What the task requires: The data below holds the lines to copy: everything from the line containing "H 10400 5350" to the line containing "H 1900 1800", both ends included, set down exactly.

Extracted material:
+-------+
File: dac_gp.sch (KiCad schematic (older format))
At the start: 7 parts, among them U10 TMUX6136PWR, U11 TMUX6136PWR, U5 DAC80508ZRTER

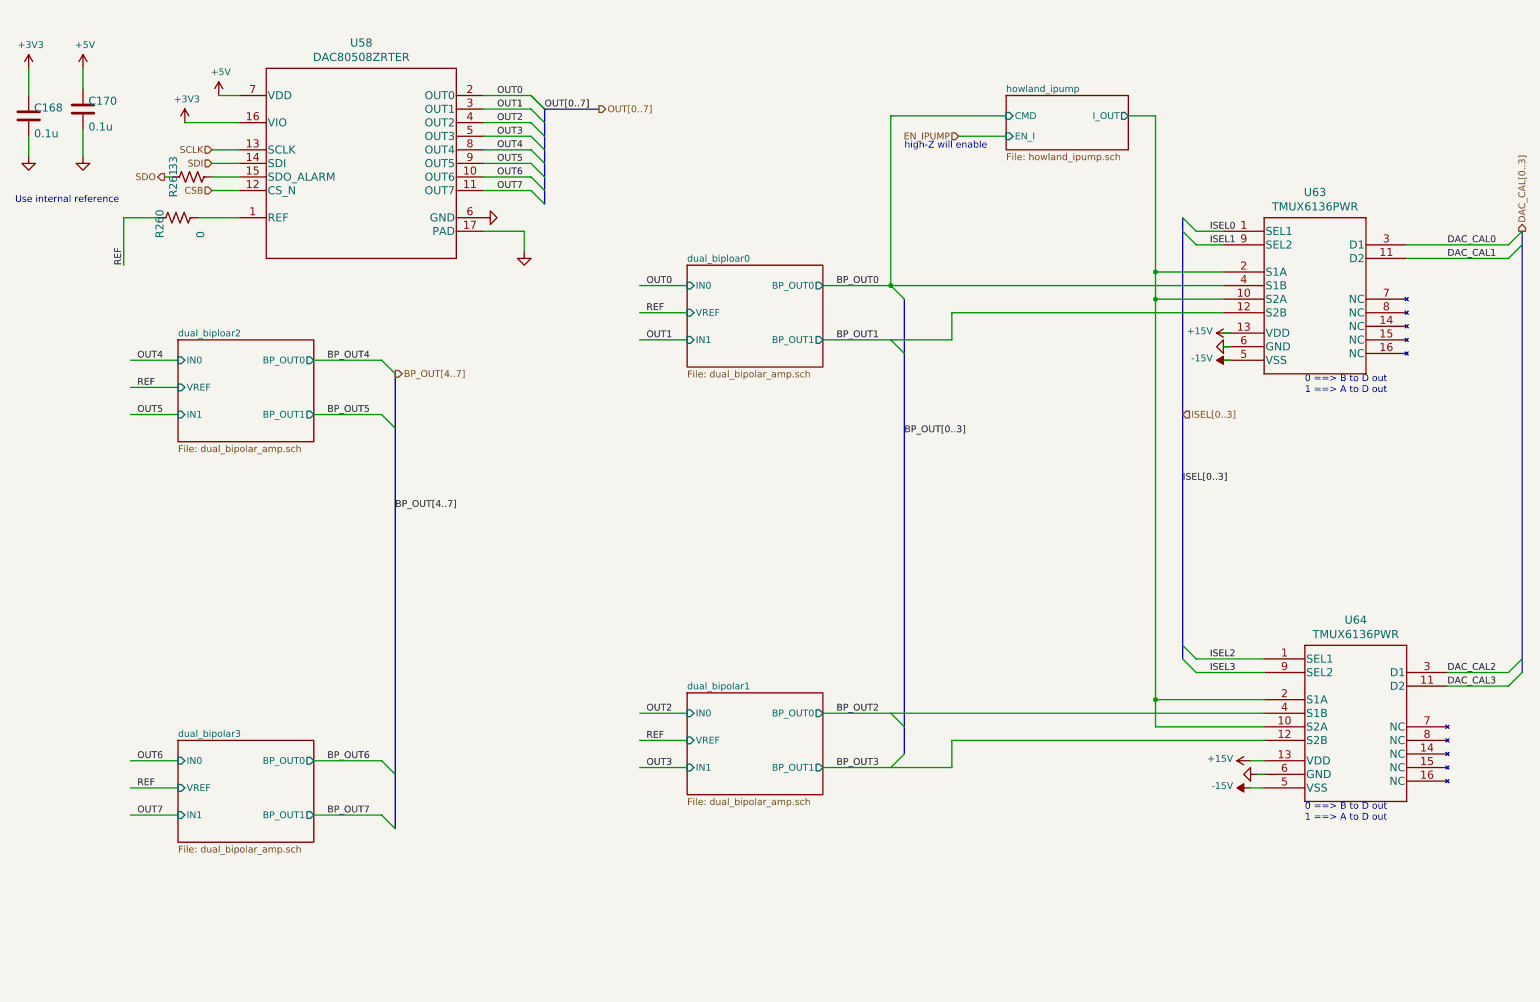
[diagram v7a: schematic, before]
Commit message: reduce ADC and DAC connections to ease routing
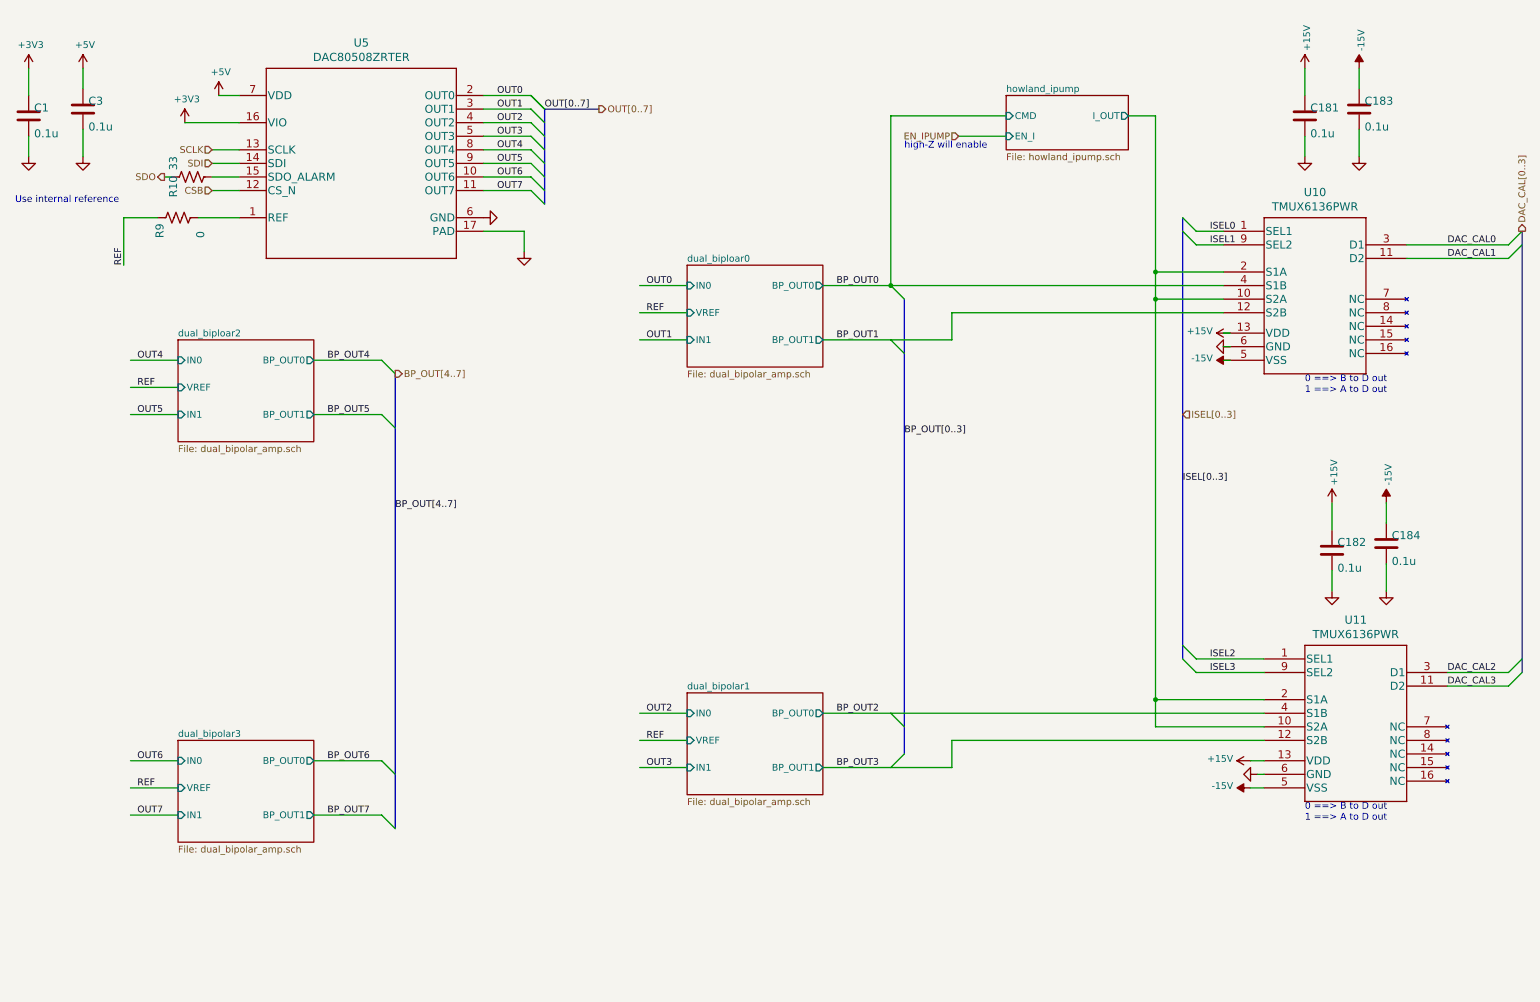
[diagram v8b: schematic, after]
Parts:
- added C181, C182, C183, C184: 0.1u, Capacitor_SMD:C_0603_1608Metric, symbol Device:C
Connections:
- wire segments 75 -> 83
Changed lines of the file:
@@
 $Descr User 12505 8268
 encoding utf-8
-Sheet 21 26
+Sheet 2 26
 Title ""
 Date ""
@@
 AR Path="/6095BD4C/519C2D15" Ref="#FRAME1"  Part="1"
 AR Path="/61B02572/519C2D15" Ref="#FRAME2"  Part="1"
-F 0 "#FRAME2" H 900 6900 50  0001 C CNN
+F 0 "#FRAME1" H 900 6900 50  0001 C CNN
 F 1 "FRAME_A_L" H 900 6900 50  0001 C CNN
 F 2 "" H 900 6900 50  0001 C CNN
@@
 AR Path="/6095BD4C/A7A1DCDA" Ref="C1"  Part="1"
 AR Path="/61B02572/A7A1DCDA" Ref="C168"  Part="1"
-F 0 "C168" H 690 1275 59  0000 L BNN
+F 0 "C1" H 690 1275 59  0000 L BNN
 F 1 "0.1u" H 690 1085 59  0000 L BNN
 F 2 "Capacitor_SMD:C_0603_1608Metric" H 650 1250 50  0001 C CNN
@@
 AR Path="/6095BD4C/46ACB443" Ref="C3"  Part="1"
 AR Path="/61B02572/46ACB443" Ref="C170"  Part="1"
-F 0 "C170" H 1090 1225 59  0000 L BNN
+F 0 "C3" H 1090 1225 59  0000 L BNN
 F 1 "0.1u" H 1090 1035 59  0000 L BNN
 F 2 "Capacitor_SMD:C_0603_1608Metric" H 1050 1200 50  0001 C CNN
@@
 AR Path="/6095BD4C/60A11E5A" Ref="U5"  Part="1"
 AR Path="/61B02572/60A11E5A" Ref="U58"  Part="1"
-F 0 "U58" H 3100 2488 60  0000 C CNN
+F 0 "U5" H 3100 2488 60  0000 C CNN
 F 1 "DAC80508ZRTER" H 3100 2382 60  0000 C CNN
 F 2 "Package_DFN_QFN:WQFN-16-1EP_3x3mm_P0.5mm_EP1.6x1.6mm" H 3100 1540 60  0001 C CNN
@@
 AR Path="/6095BD4C/60A29EE1" Ref="R9"  Part="1"
 AR Path="/61B02572/60A29EE1" Ref="R260"  Part="1"
-F 0 "R260" H 1600 2100 59  0000 L BNN
+F 0 "R9" H 1600 2100 59  0000 L BNN
 F 1 "0" H 1600 1800 59  0000 L BNN
 F 2 "Resistor_SMD:R_0603_1608Metric" H 1750 2000 50  0001 C CNN
@@
 AR Path="/6095BD4C/60B8C0FB" Ref="U10"  Part="1"
 AR Path="/61B02572/60B8C0FB" Ref="U63"  Part="1"
-F 0 "U63" H 10125 2387 60  0000 C CNN
+F 0 "U10" H 10125 2387 60  0000 C CNN
 F 1 "TMUX6136PWR" H 10125 2281 60  0000 C CNN
 F 2 "Package_SO:TSSOP-16_4.4x5mm_P0.65mm" H 10100 2200 60  0001 C CNN
@@
 AR Path="/6095BD4C/60C5A3EA" Ref="U11"  Part="1"
 AR Path="/61B02572/60C5A3EA" Ref="U64"  Part="1"
-F 0 "U64" H 10425 5537 60  0000 C CNN
+F 0 "U11" H 10425 5537 60  0000 C CNN
 F 1 "TMUX6136PWR" H 10425 5431 60  0000 C CNN
 F 2 "Package_SO:TSSOP-16_4.4x5mm_P0.65mm" H 10400 5350 60  0001 C CNN
@@
 AR Path="/6095BD4C/617C87E1" Ref="R10"  Part="1"
 AR Path="/61B02572/617C87E1" Ref="R261"  Part="1"
-F 0 "R261" H 1700 1800 59  0000 L BNN
+F 0 "R10" H 1700 1800 59  0000 L BNN
 F 1 "33" H 1900 1800 59  0000 L BNN
 F 2 "Resistor_SMD:R_0603_1608Metric" H 1850 1700 50  0001 C CNN
@@
 Wire Wire Line
 	2750 6400 3250 6400
+Wire Bus Line
+	7100 2600 7100 5950
+$Comp
+L Device:C C182
+U 1 1 61067784
+P 10250 4450
+AR Path="/6095BD4C/61067784" Ref="C182"  Part="1"
+AR Path="/61B02572/61067784" Ref="C186"  Part="1"
+F 0 "C182" H 10290 4475 59  0000 L BNN
+F 1 "0.1u" H 10290 4285 59  0000 L BNN
+F 2 "Capacitor_SMD:C_0603_1608Metric" H 10250 4450 50  0001 C CNN
+F 3 "" H 10250 4450 50  0001 C CNN
+F 4 "CC0603MRX7R8BB104" H 10250 4450 50  0001 C CNN "Manf#"
+F 5 "Yageo" H 10290 4575 50  0001 C CNN "Manufacturer_Name"
+F 6 "20%" H 10290 4575 50  0001 C CNN "Tolerance"
+F 7 "25" H 10290 4575 50  0001 C CNN "voltage"
+	1    10250 4450
+	1    0    0    -1
+$EndComp
+$Comp
+L Device:C C184
+U 1 1 6106778E
+P 10650 4400
+AR Path="/6095BD4C/6106778E" Ref="C184"  Part="1"
+AR Path="/61B02572/6106778E" Ref="C188"  Part="1"
+F 0 "C184" H 10690 4425 59  0000 L BNN
+F 1 "0.1u" H 10690 4235 59  0000 L BNN
+F 2 "Capacitor_SMD:C_0603_1608Metric" H 10650 4400 50  0001 C CNN
+F 3 "" H 10650 4400 50  0001 C CNN
+F 4 "CC0603MRX7R8BB104" H 10650 4400 50  0001 C CNN "Manf#"
+F 5 "Yageo" H 10690 4525 50  0001 C CNN "Manufacturer_Name"
+F 6 "20%" H 10690 4525 50  0001 C CNN "Tolerance"
+F 7 "25" H 10690 4525 50  0001 C CNN "voltage"
+	1    10650 4400
+	1    0    0    -1
+$EndComp
+$Comp
+L power:GND #GND0282
+U 1 1 61067794
+P 10250 4750
+AR Path="/6095BD4C/61067794" Ref="#GND0282"  Part="1"
+AR Path="/61B02572/61067794" Ref="#GND0286"  Part="1"
+F 0 "#GND0286" H 10250 4750 50  0001 C CNN
+F 1 "GND" H 10150 4650 59  0001 L BNN
+F 2 "" H 10250 4750 50  0001 C CNN
+F 3 "" H 10250 4750 50  0001 C CNN
+	1    10250 4750
+	1    0    0    -1
+$EndComp
+$Comp
+L power:GND #GND0283
+U 1 1 6106779A
+P 10650 4750
+AR Path="/6095BD4C/6106779A" Ref="#GND0283"  Part="1"
+AR Path="/61B02572/6106779A" Ref="#GND0287"  Part="1"
+F 0 "#GND0287" H 10650 4750 50  0001 C CNN
+F 1 "GND" H 10550 4650 59  0001 L BNN
+F 2 "" H 10650 4750 50  0001 C CNN
+F 3 "" H 10650 4750 50  0001 C CNN
+	1    10650 4750
+	1    0    0    -1
+$EndComp
+Wire Wire Line
+	10650 4100 10650 4250
+Wire Wire Line
+	10650 4550 10650 4750
+Wire Wire Line
+	10250 4100 10250 4300
+Wire Wire Line
+	10250 4750 10250 4600
+$Comp
+L Device:C C181
+U 1 1 6106B5C5
+P 10050 1250
+AR Path="/6095BD4C/6106B5C5" Ref="C181"  Part="1"
+AR Path="/61B02572/6106B5C5" Ref="C185"  Part="1"
+F 0 "C181" H 10090 1275 59  0000 L BNN
+F 1 "0.1u" H 10090 1085 59  0000 L BNN
+F 2 "Capacitor_SMD:C_0603_1608Metric" H 10050 1250 50  0001 C CNN
+F 3 "" H 10050 1250 50  0001 C CNN
+F 4 "CC0603MRX7R8BB104" H 10050 1250 50  0001 C CNN "Manf#"
+F 5 "Yageo" H 10090 1375 50  0001 C CNN "Manufacturer_Name"
+F 6 "20%" H 10090 1375 50  0001 C CNN "Tolerance"
+F 7 "25" H 10090 1375 50  0001 C CNN "voltage"
+	1    10050 1250
+	1    0    0    -1
+$EndComp
+$Comp
+L Device:C C183
+U 1 1 6106B5CF
+P 10450 1200
+AR Path="/6095BD4C/6106B5CF" Ref="C183"  Part="1"
+AR Path="/61B02572/6106B5CF" Ref="C187"  Part="1"
+F 0 "C183" H 10490 1225 59  0000 L BNN
+F 1 "0.1u" H 10490 1035 59  0000 L BNN
+F 2 "Capacitor_SMD:C_0603_1608Metric" H 10450 1200 50  0001 C CNN
+F 3 "" H 10450 1200 50  0001 C CNN
+F 4 "CC0603MRX7R8BB104" H 10450 1200 50  0001 C CNN "Manf#"
+F 5 "Yageo" H 10490 1325 50  0001 C CNN "Manufacturer_Name"
+F 6 "20%" H 10490 1325 50  0001 C CNN "Tolerance"
+F 7 "25" H 10490 1325 50  0001 C CNN "voltage"
+	1    10450 1200
+	1    0    0    -1
+$EndComp
+$Comp
+L power:GND #GND0284
+U 1 1 6106B5D5
+P 10050 1550
+AR Path="/6095BD4C/6106B5D5" Ref="#GND0284"  Part="1"
+AR Path="/61B02572/6106B5D5" Ref="#GND0288"  Part="1"
+F 0 "#GND0288" H 10050 1550 50  0001 C CNN
+F 1 "GND" H 9950 1450 59  0001 L BNN
+F 2 "" H 10050 1550 50  0001 C CNN
+F 3 "" H 10050 1550 50  0001 C CNN
+	1    10050 1550
+	1    0    0    -1
+$EndComp
+$Comp
+L power:GND #GND0285
+U 1 1 6106B5DB
+P 10450 1550
+AR Path="/6095BD4C/6106B5DB" Ref="#GND0285"  Part="1"
+AR Path="/61B02572/6106B5DB" Ref="#GND0289"  Part="1"
+F 0 "#GND0289" H 10450 1550 50  0001 C CNN
+F 1 "GND" H 10350 1450 59  0001 L BNN
+F 2 "" H 10450 1550 50  0001 C CNN
+F 3 "" H 10450 1550 50  0001 C CNN
+	1    10450 1550
+	1    0    0    -1
+$EndComp
+Wire Wire Line
+	10450 900  10450 1050
+Wire Wire Line
+	10450 1350 10450 1550
+Wire Wire Line
+	10050 900  10050 1100
+Wire Wire Line
+	10050 1550 10050 1400
 Wire Wire Line
 	6500 5650 9750 5650
@@
 	3350 3150 3350 6500
 Wire Bus Line
-	7100 2600 7100 5950
-Wire Bus Line
 	4450 1200 4450 1900
+$Comp
+L power:-15V #PWR0277
+U 1 1 6106DFBA
+P 10650 4100
+AR Path="/6095BD4C/6106DFBA" Ref="#PWR0277"  Part="1"
+AR Path="/61B02572/6106DFBA" Ref="#PWR0281"  Part="1"
+F 0 "#PWR0281" H 10650 4200 50  0001 C CNN
+F 1 "-15V" V 10665 4228 50  0000 L CNN
+F 2 "" H 10650 4100 50  0001 C CNN
+F 3 "" H 10650 4100 50  0001 C CNN
+	1    10650 4100
+	1    0    0    -1
+$EndComp
+$Comp
+L power:+15V #PWR0278
+U 1 1 6106E58F
+P 10250 4100
+AR Path="/6095BD4C/6106E58F" Ref="#PWR0278"  Part="1"
+AR Path="/61B02572/6106E58F" Ref="#PWR0282"  Part="1"
+F 0 "#PWR0282" H 10250 3950 50  0001 C CNN
+F 1 "+15V" V 10265 4228 50  0000 L CNN
+F 2 "" H 10250 4100 50  0001 C CNN
+F 3 "" H 10250 4100 50  0001 C CNN
+	1    10250 4100
+	1    0    0    -1
+$EndComp
+$Comp
+L power:+15V #PWR0279
+U 1 1 6106ECCF
+P 10050 900
+AR Path="/6095BD4C/6106ECCF" Ref="#PWR0279"  Part="1"
+AR Path="/61B02572/6106ECCF" Ref="#PWR0283"  Part="1"
+F 0 "#PWR0283" H 10050 750 50  0001 C CNN
+F 1 "+15V" V 10065 1028 50  0000 L CNN
+F 2 "" H 10050 900 50  0001 C CNN
+F 3 "" H 10050 900 50  0001 C CNN
+	1    10050 900
+	1    0    0    -1
+$EndComp
+$Comp
+L power:-15V #PWR0280
+U 1 1 6106F147
+P 10450 900
+AR Path="/6095BD4C/6106F147" Ref="#PWR0280"  Part="1"
+AR Path="/61B02572/6106F147" Ref="#PWR0284"  Part="1"
+F 0 "#PWR0284" H 10450 1000 50  0001 C CNN
+F 1 "-15V" V 10465 1028 50  0000 L CNN
+F 2 "" H 10450 900 50  0001 C CNN
+F 3 "" H 10450 900 50  0001 C CNN
+	1    10450 900
+	1    0    0    -1
+$EndComp
 $EndSCHEMATC
+-------+
Exercise result:
 F 2 "Package_SO:TSSOP-16_4.4x5mm_P0.65mm" H 10400 5350 60  0001 C CNN
@@
 AR Path="/6095BD4C/617C87E1" Ref="R10"  Part="1"
 AR Path="/61B02572/617C87E1" Ref="R261"  Part="1"
-F 0 "R261" H 1700 1800 59  0000 L BNN
+F 0 "R10" H 1700 1800 59  0000 L BNN
 F 1 "33" H 1900 1800 59  0000 L BNN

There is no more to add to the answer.